Problem -
Among the entries below, one stretch runs from the line that contains "BalEnable : Constant" through the line that contains "BalSW1 : fl_lib/Electrical/Electrical". Repeat that stretch exactly, ends included, and only that.

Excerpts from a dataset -
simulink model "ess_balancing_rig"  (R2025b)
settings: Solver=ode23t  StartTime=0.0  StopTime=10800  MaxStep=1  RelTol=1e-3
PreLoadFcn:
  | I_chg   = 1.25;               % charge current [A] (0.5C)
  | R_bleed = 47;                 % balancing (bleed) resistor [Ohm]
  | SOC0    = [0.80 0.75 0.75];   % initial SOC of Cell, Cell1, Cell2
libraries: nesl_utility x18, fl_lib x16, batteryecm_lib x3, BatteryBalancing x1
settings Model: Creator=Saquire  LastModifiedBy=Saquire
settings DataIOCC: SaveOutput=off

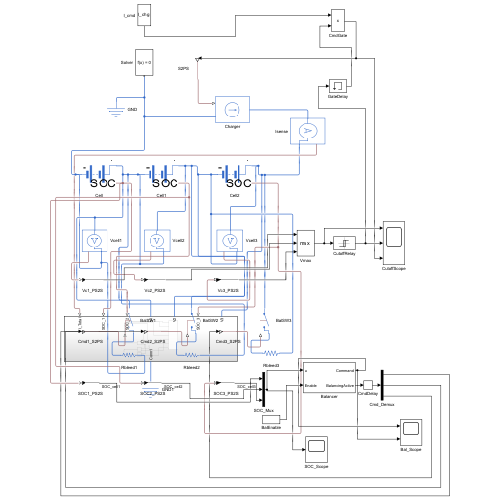
[thumbnail: Simulink's stored preview of the top-level diagram]
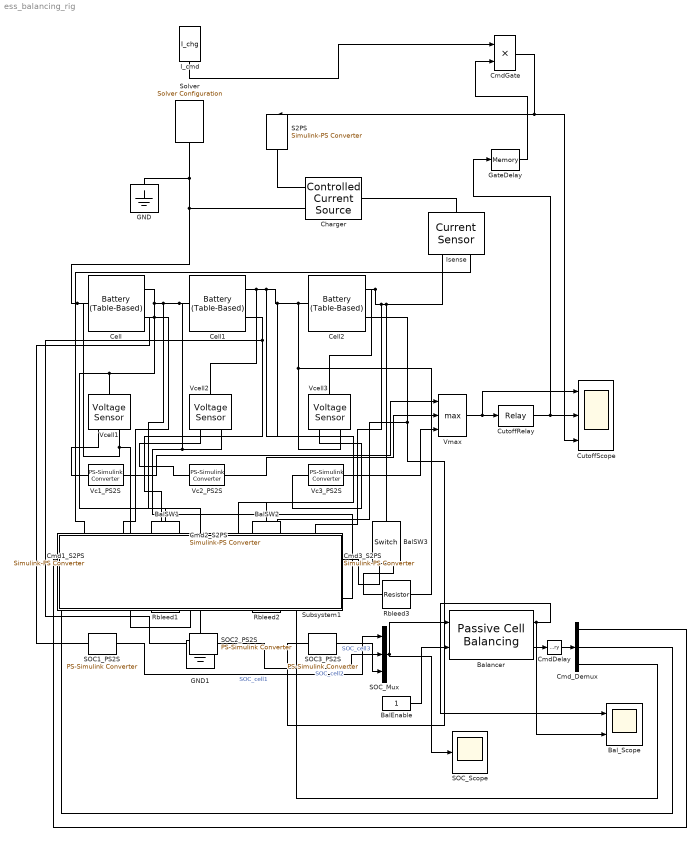
== system ess_balancing_rig ==
  BalEnable : Constant  OutDataTypeStr=boolean
  BalSW1 : fl_lib/Electrical/Electrical Elements/Switch  R_closed=0.01 Ohm  G_open=1e-8 1/Ohm  Threshold=0.5  i_specify=off  i_priority=None  i=0 A  i_nominal_specify=off  i_nominal_value=1  i_nominal_unit=A  v_specify=off  v_priority=None  v=0 V  v_nominal_specify=off  v_nominal_value=1  v_nominal_unit=V
  BalSW2 : fl_lib/Electrical/Electrical Elements/Switch  R_closed=0.01 Ohm  G_open=1e-8 1/Ohm  Threshold=0.5  i_specify=off  i_priority=None  i=0 A  i_nominal_specify=off  i_nominal_value=1  i_nominal_unit=A  v_specify=off  v_priority=None  v=0 V  v_nominal_specify=off  v_nominal_value=1  v_nominal_unit=V
  BalSW3 : fl_lib/Electrical/Electrical Elements/Switch  R_closed=0.01 Ohm  G_open=1e-8 1/Ohm  Threshold=0.5  i_specify=off  i_priority=None  i=0 A  i_nominal_specify=off  i_nominal_value=1  i_nominal_unit=A  v_specify=off  v_priority=None  v=0 V  v_nominal_specify=off  v_nominal_value=1  v_nominal_unit=V
  Bal_Scope : Scope  NumInputPorts=2
      settings: Title=Balancing commands / active  DataLoggingVariableName=balData
  Balancer : BatteryBalancing/Passive Cell Balancing  Threshold=0.01  HysteresisBand=0.005  Td_on=1  Td_off=1  Ts=1  dataType=double
      settings: LibrarySourceBlock=batt_sl_lib/Cell Balancing/Passive Cell Balancing
  Cell : batteryecm_lib/Battery (Table-Based)  SOC_vec=[0 .1 .2 .3 .4 .5 .6 .7 .8 .9 1]  T_dependence=simscape.enum.tablebattery.temperature_dependence.yes  prm_dir=simscape.enum.tablebattery.prm_dir.noCurrentDirectionality  T_vec=[278 293 313] K  V0_mat=[3.00 3.05 3.08;3.42 3.45 3.47;3.53 3.55 3.57;3.60 3.62 3.64;3.65 3.67 3.69;3.70 3.72 3.74;3.78 3.80 3.82;3.88 3.90 3.92;3.97 3.99 4.01;4.06 4.08 4.10;4.16 4.18 4.19] V  V0_vec=[3.5057, 3.566, 3.6337, 3.7127, 3.9259, 4.0777, 4.1928] V  V_range=[2.5 4.3] V  R0_mat=[.070 .045 .035;.055 .036 .028;.050 .033 .026;.048 .032 .025;.046 .031 .024;.045 .030 .024;.045 .030 .024;.045 .030 .024;.046 .031 .025;.047 .031 .025;.048 .032 .026] Ohm  R0_vec=[.0085, .0085, .0087, .0082, .0083, .0085, .0085] Ohm  R0_dis_mat=[.0117, .0085, .009; .011, .0085, .009; .0114, .0087, .0092; .0107, .0082, .0088; .0107, .0083, .0091; .0113, .0085, .0089; .0116, .0085, .0089] Ohm  R0_dis_vec=[.0085, .0085, .0087, .0082, .0083, .0085, .0085] Ohm  R0_ch_mat=[.0117, .0085, .009; .011, .0085, .009; .0114, .0087, .0092; .0107, .0082, .0088; .0107, .0083, .0091; .0113, .0085, .0089; .0116, .0085, .0089] Ohm  R0_ch_vec=[.0085, .0085, .0087, .0082, .0083, .0085, .0085] Ohm  AH=2.5 A*hr  prm_leak=simscape.enum.tablebattery.prm_leak.disabled  Rleak_vec=[8000, 7000, 6000] Ohm  Rleak=7e3 Ohm  extrapolation_option=simscape.enum.extrapolation.nearest  SOC_port=simscape.enum.tablebattery.enable.yes  prm_dyn=simscape.enum.tablebattery.prm_dyn.off  R1_mat=[.0109, .0029, .0013; .0069, .0024, .0012; .0047, .0026, .0013; .0034, .0016, .001; .0033, .0023, .0014; .0033, .0018, .0011; .0028, .0017, .0011] Ohm  R1_vec=[.0029, .0024, .0026, .0016, .0023, .0018, .0017] Ohm  tau1_mat=[20, 36, 39; 31, 45, 39; 109, 105, 61; 36, 29, 26; 59, 77, 67; 40, 33, 29; 25, 39, 33] s  tau1_vec=[36, 45, 105, 29, 77, 33, 39] s  R2_mat=[.0109, .0029, .0013; .0069, .0024, .0012; .0047, .0026, .0013; .0034, .0016, .001; .0033, .0023, .0014; .0033, .0018, .0011; .0028, .0017, .0011] Ohm  R2_vec=[.0029, .0024, .0026, .0016, .0023, .0018, .0017] Ohm  tau2_mat=[20, 36, 39; 31, 45, 39; 109, 105, 61; 36, 29, 26; 59, 77, 67; 40, 33, 29; 25, 39, 33] s  tau2_vec=[36, 45, 105, 29, 77, 33, 39] s  R3_mat=[.0109, .0029, .0013; .0069, .0024, .0012; .0047, .0026, .0013; .0034, .0016, .001; .0033, .0023, .0014; .0033, .0018, .0011; .0028, .0017, .0011] Ohm  R3_vec=[.0029, .0024, .0026, .0016, .0023, .0018, .0017] Ohm  tau3_mat=[20, 36, 39; 31, 45, 39; 109, 105, 61; 36, 29, 26; 59, 77, 67; 40, 33, 29; 25, 39, 33] s  tau3_vec=[36, 45, 105, 29, 77, 33, 39] s  R4_mat=[.0109, .0029, .0013; .0069, .0024, .0012; .0047, .0026, .0013; .0034, .0016, .001; .0033, .0023, .0014; .0033, .0018, .0011; .0028, .0017, .0011] Ohm  R4_vec=[.0029, .0024, .0026, .0016, .0023, .0018, .0017] Ohm  tau4_mat=[20, 36, 39; 31, 45, 39; 109, 105, 61; 36, 29, 26; 59, 77, 67; 40, 33, 29; 25, 39, 33] s  tau4_vec=[36, 45, 105, 29, 77, 33, 39] s  R5_mat=[.0109, .0029, .0013; .0069, .0024, .0012; .0047, .0026, .0013; .0034, .0016, .001; .0033, .0023, .0014; .0033, .0018, .0011; .0028, .0017, .0011] Ohm  R5_vec=[.0029, .0024, .0026, .0016, .0023, .0018, .0017] Ohm  tau5_mat=[20, 36, 39; 31, 45, 39; 109, 105, 61; 36, 29, 26; 59, 77, 67; 40, 33, 29; 25, 39, 33] s  tau5_vec=[36, 45, 105, 29, 77, 33, 39] s  prm_fade=simscape.enum.tablebattery.prm_fade.disabled  N0=100  dV0=0  dR0=0  dAH=0  dRleak=0  dR1=0  dR2=0  dR3=0  dR4=0  dR5=0  N0vec=[0, 100, 200, 300]  Tfadevec=[298.15, 323.15] K  dV0vec=[0, 0, 0, 0]  dR0vec=[0, 0, 0, 0]  dAHvec=[0, 0, 0, 0]  dRleakvec=[0, 0, 0, 0]  dR1vec=[0, 0, 0, 0]  dR2vec=[0, 0, 0, 0]  dR3vec=[0, 0, 0, 0]  dR4vec=[0, 0, 0, 0]  dR5vec=[0, 0, 0, 0]  dV0mat=[0, 0; 0, 0; 0, 0; 0, 0]  dR0mat=[0, 0; 0, 0; 0, 0; 0, 0]  dAHmat=[0, 0; 0, 0; 0, 0; 0, 0]  dRleakmat=[0, 0; 0, 0; 0, 0; 0, 0]  dR1mat=[0, 0; 0, 0; 0, 0; 0, 0]  dR2mat=[0, 0; 0, 0; 0, 0; 0, 0]  dR3mat=[0, 0; 0, 0; 0, 0; 0, 0]  dR4mat=[0, 0; 0, 0; 0, 0; 0, 0]  dR5mat=[0, 0; 0, 0; 0, 0; 0, 0]  prm_age_modeling=simscape.enum.tablebattery.prm_age_modeling.equation  storage_dt_age_vec=[0] d  storage_T_age_vec=[273] K  prm_age_OCV=simscape.enum.tablebattery.prm_age_OCV.OCV  OCV_age=0.9  SOC_age=0.6  prm_age_resistance=simscape.enum.tablebattery.prm_age.disabled  OCV_scaling_age_resistance=2.2134e6  OCV_offset_age_resistance=1.632e6  temp_exp_age_resistance=0.515833569 V  t_exp_age_resistance=0.75  T_age_vec_resistance=[273.15, 298.15, 323.15] K  dt_age_vec_resistance=[0, 90, 180, 270] d  dR0_age_vec=[0, 0, 0]  t_meas_dR0_age=100 d  dR0_age_mat=[0, 0, 0; 0, 0, 0; 0, 0, 0; 0, 0, 0]  prm_age_capacity=simscape.enum.tablebattery.prm_age.disabled  OCV_scaling_age_capacity=1.5097e07  OCV_offset_age_capacity=8.3625e06  temp_exp_age_capacity=0.6011 V  t_exp_age_capacity=0.75  T_age_vec_capacity=[273.15, 298.15, 323.15] K  dt_age_vec_capacity=[0, 90, 180, 270] d  dAH_age_vec=[0, 0, 0]  t_meas_dAH_age=100 d  dAH_age_mat=[0, 0, 0; 0, 0, 0; 0, 0, 0; 0, 0, 0]  thermal_port=simscape.enum.thermaleffects.omit  temperature=298.15 K  thermal_mass=100 J/K  i_specify=off  i_priority=None  i=0 A  i_nominal_specify=off  i_nominal_value=1  i_nominal_unit=A  v_specify=off  v_priority=None  v=0 V  v_nominal_specify=off  v_nominal_value=1  v_nominal_unit=V  stateOfCharge_specify=on  stateOfCharge_priority=High  stateOfCharge=SOC0(1)  stateOfCharge_nominal_specify=off  stateOfCharge_nominal_value=1  stateOfCharge_nominal_unit=1  num_cycles_specify=off  num_cycles_priority=High  num_cycles=0  num_cycles_nominal_specify=off  num_cycles_nominal_value=1  num_cycles_nominal_unit=1  cell_temperature_specify=off  cell_temperature_priority=High  cell_temperature=298.15 K  cell_temperature_nominal_specify=off  cell_temperature_nominal_value=1  cell_temperature_nominal_unit=K
      settings: InternalSimscapePortConfiguration="{\"Bottom\":[],\"Left\":[{\"id\":\"p\",\"label\":\"+\",\"type\":\"foundation.electrical.electrical\"},{\"id\":\"soc\",\"label\":\"SOC\",\"type\":\"output\"}],\"Right\":[{\"id\":\"n\",\"label\":\"-\",\"type\":\"foundation.electrical.electrical\"}],\"Top\":[]}"
  Cell1 : batteryecm_lib/Battery (Table-Based)  SOC_vec=[0 .1 .2 .3 .4 .5 .6 .7 .8 .9 1]  T_dependence=simscape.enum.tablebattery.temperature_dependence.yes  prm_dir=simscape.enum.tablebattery.prm_dir.noCurrentDirectionality  T_vec=[278 293 313] K  V0_mat=[3.00 3.05 3.08;3.42 3.45 3.47;3.53 3.55 3.57;3.60 3.62 3.64;3.65 3.67 3.69;3.70 3.72 3.74;3.78 3.80 3.82;3.88 3.90 3.92;3.97 3.99 4.01;4.06 4.08 4.10;4.16 4.18 4.19] V  V0_vec=[3.5057, 3.566, 3.6337, 3.7127, 3.9259, 4.0777, 4.1928] V  V_range=[2.5 4.3] V  R0_mat=[.070 .045 .035;.055 .036 .028;.050 .033 .026;.048 .032 .025;.046 .031 .024;.045 .030 .024;.045 .030 .024;.045 .030 .024;.046 .031 .025;.047 .031 .025;.048 .032 .026] Ohm  R0_vec=[.0085, .0085, .0087, .0082, .0083, .0085, .0085] Ohm  R0_dis_mat=[.0117, .0085, .009; .011, .0085, .009; .0114, .0087, .0092; .0107, .0082, .0088; .0107, .0083, .0091; .0113, .0085, .0089; .0116, .0085, .0089] Ohm  R0_dis_vec=[.0085, .0085, .0087, .0082, .0083, .0085, .0085] Ohm  R0_ch_mat=[.0117, .0085, .009; .011, .0085, .009; .0114, .0087, .0092; .0107, .0082, .0088; .0107, .0083, .0091; .0113, .0085, .0089; .0116, .0085, .0089] Ohm  R0_ch_vec=[.0085, .0085, .0087, .0082, .0083, .0085, .0085] Ohm  AH=2.5 A*hr  prm_leak=simscape.enum.tablebattery.prm_leak.disabled  Rleak_vec=[8000, 7000, 6000] Ohm  Rleak=7e3 Ohm  extrapolation_option=simscape.enum.extrapolation.nearest  SOC_port=simscape.enum.tablebattery.enable.yes  prm_dyn=simscape.enum.tablebattery.prm_dyn.off  R1_mat=[.0109, .0029, .0013; .0069, .0024, .0012; .0047, .0026, .0013; .0034, .0016, .001; .0033, .0023, .0014; .0033, .0018, .0011; .0028, .0017, .0011] Ohm  R1_vec=[.0029, .0024, .0026, .0016, .0023, .0018, .0017] Ohm  tau1_mat=[20, 36, 39; 31, 45, 39; 109, 105, 61; 36, 29, 26; 59, 77, 67; 40, 33, 29; 25, 39, 33] s  tau1_vec=[36, 45, 105, 29, 77, 33, 39] s  R2_mat=[.0109, .0029, .0013; .0069, .0024, .0012; .0047, .0026, .0013; .0034, .0016, .001; .0033, .0023, .0014; .0033, .0018, .0011; .0028, .0017, .0011] Ohm  R2_vec=[.0029, .0024, .0026, .0016, .0023, .0018, .0017] Ohm  tau2_mat=[20, 36, 39; 31, 45, 39; 109, 105, 61; 36, 29, 26; 59, 77, 67; 40, 33, 29; 25, 39, 33] s  tau2_vec=[36, 45, 105, 29, 77, 33, 39] s  R3_mat=[.0109, .0029, .0013; .0069, .0024, .0012; .0047, .0026, .0013; .0034, .0016, .001; .0033, .0023, .0014; .0033, .0018, .0011; .0028, .0017, .0011] Ohm  R3_vec=[.0029, .0024, .0026, .0016, .0023, .0018, .0017] Ohm  tau3_mat=[20, 36, 39; 31, 45, 39; 109, 105, 61; 36, 29, 26; 59, 77, 67; 40, 33, 29; 25, 39, 33] s  tau3_vec=[36, 45, 105, 29, 77, 33, 39] s  R4_mat=[.0109, .0029, .0013; .0069, .0024, .0012; .0047, .0026, .0013; .0034, .0016, .001; .0033, .0023, .0014; .0033, .0018, .0011; .0028, .0017, .0011] Ohm  R4_vec=[.0029, .0024, .0026, .0016, .0023, .0018, .0017] Ohm  tau4_mat=[20, 36, 39; 31, 45, 39; 109, 105, 61; 36, 29, 26; 59, 77, 67; 40, 33, 29; 25, 39, 33] s  tau4_vec=[36, 45, 105, 29, 77, 33, 39] s  R5_mat=[.0109, .0029, .0013; .0069, .0024, .0012; .0047, .0026, .0013; .0034, .0016, .001; .0033, .0023, .0014; .0033, .0018, .0011; .0028, .0017, .0011] Ohm  R5_vec=[.0029, .0024, .0026, .0016, .0023, .0018, .0017] Ohm  tau5_mat=[20, 36, 39; 31, 45, 39; 109, 105, 61; 36, 29, 26; 59, 77, 67; 40, 33, 29; 25, 39, 33] s  tau5_vec=[36, 45, 105, 29, 77, 33, 39] s  prm_fade=simscape.enum.tablebattery.prm_fade.disabled  N0=100  dV0=0  dR0=0  dAH=0  dRleak=0  dR1=0  dR2=0  dR3=0  dR4=0  dR5=0  N0vec=[0, 100, 200, 300]  Tfadevec=[298.15, 323.15] K  dV0vec=[0, 0, 0, 0]  dR0vec=[0, 0, 0, 0]  dAHvec=[0, 0, 0, 0]  dRleakvec=[0, 0, 0, 0]  dR1vec=[0, 0, 0, 0]  dR2vec=[0, 0, 0, 0]  dR3vec=[0, 0, 0, 0]  dR4vec=[0, 0, 0, 0]  dR5vec=[0, 0, 0, 0]  dV0mat=[0, 0; 0, 0; 0, 0; 0, 0]  dR0mat=[0, 0; 0, 0; 0, 0; 0, 0]  dAHmat=[0, 0; 0, 0; 0, 0; 0, 0]  dRleakmat=[0, 0; 0, 0; 0, 0; 0, 0]  dR1mat=[0, 0; 0, 0; 0, 0; 0, 0]  dR2mat=[0, 0; 0, 0; 0, 0; 0, 0]  dR3mat=[0, 0; 0, 0; 0, 0; 0, 0]  dR4mat=[0, 0; 0, 0; 0, 0; 0, 0]  dR5mat=[0, 0; 0, 0; 0, 0; 0, 0]  prm_age_modeling=simscape.enum.tablebattery.prm_age_modeling.equation  storage_dt_age_vec=[0] d  storage_T_age_vec=[273] K  prm_age_OCV=simscape.enum.tablebattery.prm_age_OCV.OCV  OCV_age=0.9  SOC_age=0.6  prm_age_resistance=simscape.enum.tablebattery.prm_age.disabled  OCV_scaling_age_resistance=2.2134e6  OCV_offset_age_resistance=1.632e6  temp_exp_age_resistance=0.515833569 V  t_exp_age_resistance=0.75  T_age_vec_resistance=[273.15, 298.15, 323.15] K  dt_age_vec_resistance=[0, 90, 180, 270] d  dR0_age_vec=[0, 0, 0]  t_meas_dR0_age=100 d  dR0_age_mat=[0, 0, 0; 0, 0, 0; 0, 0, 0; 0, 0, 0]  prm_age_capacity=simscape.enum.tablebattery.prm_age.disabled  OCV_scaling_age_capacity=1.5097e07  OCV_offset_age_capacity=8.3625e06  temp_exp_age_capacity=0.6011 V  t_exp_age_capacity=0.75  T_age_vec_capacity=[273.15, 298.15, 323.15] K  dt_age_vec_capacity=[0, 90, 180, 270] d  dAH_age_vec=[0, 0, 0]  t_meas_dAH_age=100 d  dAH_age_mat=[0, 0, 0; 0, 0, 0; 0, 0, 0; 0, 0, 0]  thermal_port=simscape.enum.thermaleffects.omit  temperature=298.15 K  thermal_mass=100 J/K  i_specify=off  i_priority=None  i=0 A  i_nominal_specify=off  i_nominal_value=1  i_nominal_unit=A  v_specify=off  v_priority=None  v=0 V  v_nominal_specify=off  v_nominal_value=1  v_nominal_unit=V  stateOfCharge_specify=on  stateOfCharge_priority=High  stateOfCharge=SOC0(2)  stateOfCharge_nominal_specify=off  stateOfCharge_nominal_value=0.6  stateOfCharge_nominal_unit=1  num_cycles_specify=off  num_cycles_priority=High  num_cycles=0  num_cycles_nominal_specify=off  num_cycles_nominal_value=1  num_cycles_nominal_unit=1  cell_temperature_specify=off  cell_temperature_priority=High  cell_temperature=298.15 K  cell_temperature_nominal_specify=off  cell_temperature_nominal_value=1  cell_temperature_nominal_unit=K
      settings: InternalSimscapePortConfiguration="{\"Bottom\":[],\"Left\":[{\"id\":\"p\",\"label\":\"+\",\"type\":\"foundation.electrical.electrical\"},{\"id\":\"soc\",\"label\":\"SOC\",\"type\":\"output\"}],\"Right\":[{\"id\":\"n\",\"label\":\"-\",\"type\":\"foundation.electrical.electrical\"}],\"Top\":[]}"
  Cell2 : batteryecm_lib/Battery (Table-Based)  SOC_vec=[0 .1 .2 .3 .4 .5 .6 .7 .8 .9 1]  T_dependence=simscape.enum.tablebattery.temperature_dependence.yes  prm_dir=simscape.enum.tablebattery.prm_dir.noCurrentDirectionality  T_vec=[278 293 313] K  V0_mat=[3.00 3.05 3.08;3.42 3.45 3.47;3.53 3.55 3.57;3.60 3.62 3.64;3.65 3.67 3.69;3.70 3.72 3.74;3.78 3.80 3.82;3.88 3.90 3.92;3.97 3.99 4.01;4.06 4.08 4.10;4.16 4.18 4.19] V  V0_vec=[3.5057, 3.566, 3.6337, 3.7127, 3.9259, 4.0777, 4.1928] V  V_range=[2.5 4.3] V  R0_mat=[.070 .045 .035;.055 .036 .028;.050 .033 .026;.048 .032 .025;.046 .031 .024;.045 .030 .024;.045 .030 .024;.045 .030 .024;.046 .031 .025;.047 .031 .025;.048 .032 .026] Ohm  R0_vec=[.0085, .0085, .0087, .0082, .0083, .0085, .0085] Ohm  R0_dis_mat=[.0117, .0085, .009; .011, .0085, .009; .0114, .0087, .0092; .0107, .0082, .0088; .0107, .0083, .0091; .0113, .0085, .0089; .0116, .0085, .0089] Ohm  R0_dis_vec=[.0085, .0085, .0087, .0082, .0083, .0085, .0085] Ohm  R0_ch_mat=[.0117, .0085, .009; .011, .0085, .009; .0114, .0087, .0092; .0107, .0082, .0088; .0107, .0083, .0091; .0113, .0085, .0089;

Your solution -
  BalEnable : Constant  OutDataTypeStr=boolean
  BalSW1 : fl_lib/Electrical/Electrical Elements/Switch  R_closed=0.01 Ohm  G_open=1e-8 1/Ohm  Threshold=0.5  i_specify=off  i_priority=None  i=0 A  i_nominal_specify=off  i_nominal_value=1  i_nominal_unit=A  v_specify=off  v_priority=None  v=0 V  v_nominal_specify=off  v_nominal_value=1  v_nominal_unit=V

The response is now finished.